Wolff hält Rosberg für "den Bösen"

Dabei spielten laut Rosbergs Ex-Chef auch die unterschiedlichen Lebensgeschichten eine Rolle: Nico wuchs als Sohn von Ex-Rennfahrer Keke Rosberg in Monaco auf, Hamilton hingegen stammt aus ärmeren Verhältnissen. "Ich weiss, wie er über mich denkt, daher ist es mir egal, was eine englische Zeitung schreibt", sagt Rosberg der Deutschen Presse-Agentur. In dieser Woche sorgte das Boulevard-Blatt "Daily Mail" für Aufregung, weil es Mercedes-Motorsportchef Toto Wolff mit brisanten Aussagen zum Zwist zwischen dem mittlerweile zurückgetretenen Formel-1-Champion und den dreifachen Weltmeister Hamilton zitiert hat. "Nico hat alle Waffen eingesetzt, die er hatte", sagte Wolff der Zeitung zufolge.

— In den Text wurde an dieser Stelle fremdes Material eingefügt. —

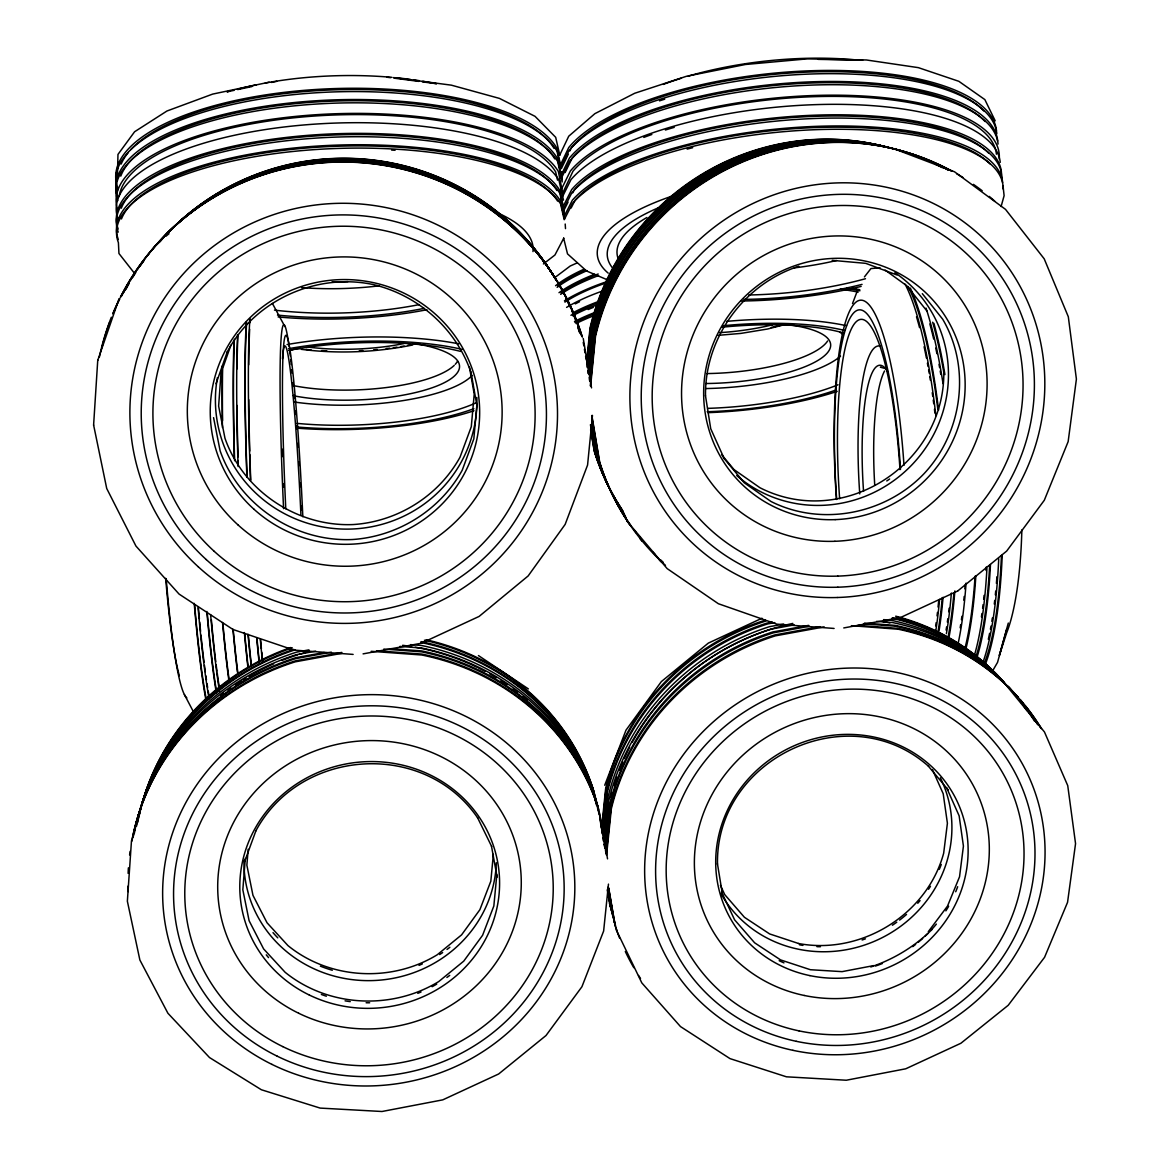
<?xml version="1.0" encoding="UTF-8"?>
<svg xmlns="http://www.w3.org/2000/svg" width="1170" height="1170" viewBox="0 0 1170 1170"><rect width="100%" height="100%" fill="white"/><g stroke="black" fill="none" stroke-linecap="round" stroke-linejoin="round"><path stroke-width="1.5" d="M117.395 178.001L117.965 154.425L134.594 131.757L166.959 111.004L212.662 94.097L269.144 82.192M353.121 654.41L294.006 650.11L232.962 629.475L179.054 594.067L135.939 546.054L106.719 488.504L93.615 425.046M97.724 360.477L119.047 298.73M93.6 425.193L97.739 360.316M131.493 840.528L127.369 901.222L139.873 960.014L167.91 1013.249L209.503 1057.548L261.378 1089.753L320.17 1108.092L381.976 1111.5L442.772 1099.858L498.654 1073.987L546.01 1035.523L581.929 986.734L603.632 931.042L608.473 884.11M245.305 858.473L242.833 889.785L249.108 920.746L263.616 948.914L285.129 972.285C328.2 1007.224 391.672 1010.353 438.75 981.557L463.729 961.155L482.596 935.269L493.842 905.99L496.811 874.707M248.172 849.201L246.87 865.2L252.969 895.357L267.052 922.794L287.952 945.594C329.764 979.641 391.497 982.771 437.273 954.749L461.565 934.888L479.89 909.69L490.83 881.185L493.36 854.305M586.828 360.506L589.987 328.156A239.294 232.347 -45.1 0 1 886.407 146.981M586.945 362.802L590.294 328.594A239.645 232.669 -45.1 0 1 887.138 147.171A240.479 233.444 -45.1 0 0 591.011 329.677L587.296 367.614M587.779 366.312L591.318 330.13A240.83 233.766 -45.1 0 1 891.423 148.268M588.188 373.391L592.283 331.593A241.956 234.819 -45 0 1 891.832 148.341M589.183 373.347L593.131 332.88A242.951 235.74 -45 0 1 895.679 149.336M589.621 380.323L594.126 334.371A244.091 236.808 -44.9 0 1 906.794 152.495M589.929 380.85L594.433 334.839A244.457 237.13 -44.9 0 1 949.089 170.337M590.309 385.691L595.179 335.965A245.32 237.949 -44.9 0 1 951.122 170.879M590.616 386.246L595.501 336.433A245.685 238.285 -44.8 0 1 951.97 171.098M592.473 415.423L587.574 465.046L565.154 524.394L528.153 575.947L479.1 616.429L421.185 643.281L363.08 653.869M601.555 828.682L605.621 788.741A230.417 217.839 -27.1 0 1 765.341 620.144M602.038 827.994L605.928 789.823A230.739 218.132 -27.1 0 1 765.882 621.007M602.565 832.777L606.689 792.426A231.514 218.805 -27.1 0 1 767.184 623.054L772.478 622.089M602.872 833.918L606.996 793.523A231.85 219.083 -27.1 0 1 767.725 623.917L774.803 622.615M603.501 841.142L608.005 797.048A232.888 220.004 -27.1 0 1 769.48 626.681L783.695 624.078M604.363 844.418L608.897 800.163A233.81 220.808 -27.1 0 1 771.03 629.138L794.211 624.882M605.373 848.206L609.921 803.746A234.877 221.73 -27.1 0 1 772.814 631.946L808.645 625.38M605.504 851.16L610.243 804.872A235.214 222.022 -27.1 0 1 773.37 632.838L809.26 626.257M606.265 854.042L611.018 807.592A236.018 222.724 -27.1 0 1 774.73 634.974L820.082 626.652M705.51 395.913C704.559 338.042 743.944 284.017 798.861 266.248M717.488 864.133C715.528 758.087 849.04 695.477 928.614 766.335M943.824 372.148C944.614 464.505 843.073 530.156 759.959 487.744L734.029 469.594L721.568 454.603M1008.306 623.054L999.326 655.478L1006.536 633.204A179.727 42.749 86.9 0 0 1021.849 529.937M1006.829 628.831L997.542 662.381L992.906 670.366M1001.096 206.534L1004.109 195.697L1003.012 185.664M216.011 383.76L227.375 351.614M230.885 345.179L221.013 373.113L218.629 406.034L224.976 438.267C243.433 491.268 297.531 527.026 353.398 524.54C397.595 521.601 438.589 496.08 460.015 457.207L471.291 426.699L474.216 394.144L469.462 367.219M244.881 860.915L255.937 830.715M852.52 303.571L857.654 290.043M604.715 785.245L626.009 730.139L661.357 681.583L708.333 643.105L761.992 618.228M559.64 155.288L568.737 136.203L594.886 113.651L634.71 93.264L686.454 76.284L745.48 64.482L807.256 58.88L866.414 59.977L918.406 67.655L958.844 81.315L984.862 99.596L995.187 120.832M560.488 164.824L568.737 147.552A220.355 80.32 -6 0 1 807.695 70.873A220.355 80.32 -6 0 1 996.46 130.689M561.337 168.641L568.298 154.162M569.848 150.945L571.384 147.727A217.605 79.297 -6 0 1 778.342 73.959A217.605 79.297 -6 0 1 983.794 110.974M559.933 177.723L569.468 158.038A220.618 79.501 -6 0 1 808.777 81.929A220.618 79.501 -6 0 1 997.688 141.014M561.395 178.176L569.673 161.124A220.691 79.267 -6 0 1 809.099 85.191A220.691 79.267 -6 0 1 998.054 144.056M565.139 172.546L572.115 158.199A217.854 78.507 -6 0 1 779.381 85A217.854 78.507 -6 0 1 985.038 121.504M560.796 190.476L570.36 171.01A220.94 78.492 -5.9 0 1 817.26 95.399A220.94 78.492 -5.9 0 1 999.238 159.003M562.624 196.443L570.945 179.697A221.159 77.82 -5.9 0 1 811.015 104.803A221.159 77.82 -5.9 0 1 1000.233 162.367M562.024 208.743L571.633 189.628A221.422 77.044 -5.9 0 1 812.038 115.289A221.422 77.044 -5.9 0 1 1001.403 172.151M563.501 209.284L571.852 192.743A221.496 76.796 -5.9 0 1 817.128 118.404A221.496 76.796 -5.9 0 1 1001.886 178.586M564.13 209.883L568.035 202.161M572.73 192.874L574.294 189.789A218.644 76.065 -5.9 0 1 782.525 118.346A218.644 76.065 -5.9 0 1 988.782 153.27M563.998 216.64L572.364 200.216A221.686 76.211 -5.9 0 1 813.121 126.477A221.686 76.211 -5.9 0 1 1002.646 182.578M571.106 208.026L575.026 200.362A218.907 75.246 -5.8 0 1 783.578 129.519A218.907 75.246 -5.8 0 1 990.039 163.917M563.779 238.139L554.946 255.001L543.421 263.937M226.892 352.623C254.109 300.485 316.222 272.361 373.479 284.617C418.582 295.352 456.388 329.062 471.232 373.113M255.791 830.978C300.134 748.025 424.3 739.689 477.667 817.903M864.425 276.91L870.948 268.559L880.118 267.813M928.263 931.715L947.51 906.092L959.532 876.798L963.422 846.1L959.137 815.841L946.618 787.717M843.76 627.939L900.52 617.526L957.703 590.996M957.645 591.04L1006.668 551.085L1044.313 500.248L1068.151 441.616L1076.4 379.095L1068.312 316.748L1044.21 258.833L1005.513 209.371L954.515 171.785L895.021 149.16M554.653 277.714L570.258 265.999L576.883 263.031M784.982 324.558L767.608 329.004L740.785 333.421L718.263 335.322M229.744 91.216L226.951 91.83L234.073 90.339M237.627 89.578L251.872 86.58M271.44 82.456L276.778 81.33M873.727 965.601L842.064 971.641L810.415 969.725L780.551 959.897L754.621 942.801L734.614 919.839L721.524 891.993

Gegenüber der "Daily Mail" schilderte Wolff seine persönliche Einschätzung zum teaminternen Duell: "Es gab all die Psycho-Tricks, die man spielen kann, um seinen Rivalen aus dem Konzept zu bringen". Rosberg sei der Bösartige gewesen.

Auf die Frage, wer der wahre Intrigant in seinem Team gewesen sei, antwortete Wolff: "Derjenige, der nicht mehr hier ist".

Rosberg hatte wenige Tage nach seinem ersten WM-Titel mit 31 Jahren seinen Rücktritt erklärt. Mit seinem Nachfolger Valtteri Bottas ist die Hierarchie bei den "Silberpfeilen" eindeutig geklärt.

Zudem betonte Hamilton mehrfach, dass mit dem WM-Kampf gegen Ferrari-Pilot Sebastian Vettel nun erst die Besten gegeneinander fahren würden. Und der nötigen Portion Gelassenheit: „Ich kriege das nebenbei etwas mit, weil ich im Internet unterwegs bin und ab und zu lese, was er so loslässt“, so Rosberg. Demnach war Nico Rosberg fieser als Lewis Hamilton. Das ist lustig, aber das tangiert mich einfach nicht mehr. "Am Dienstag haben wir bei einem Charity-Event zusammen 600.000 Euro für blinde Kinder gesammelt", so Rosberg. Ich habe meine Schlacht gewonnen“, konnte sich der Deutsche einen kleinen Konter gegen Hamilton nicht verkneifen - anders als gegen Wolff.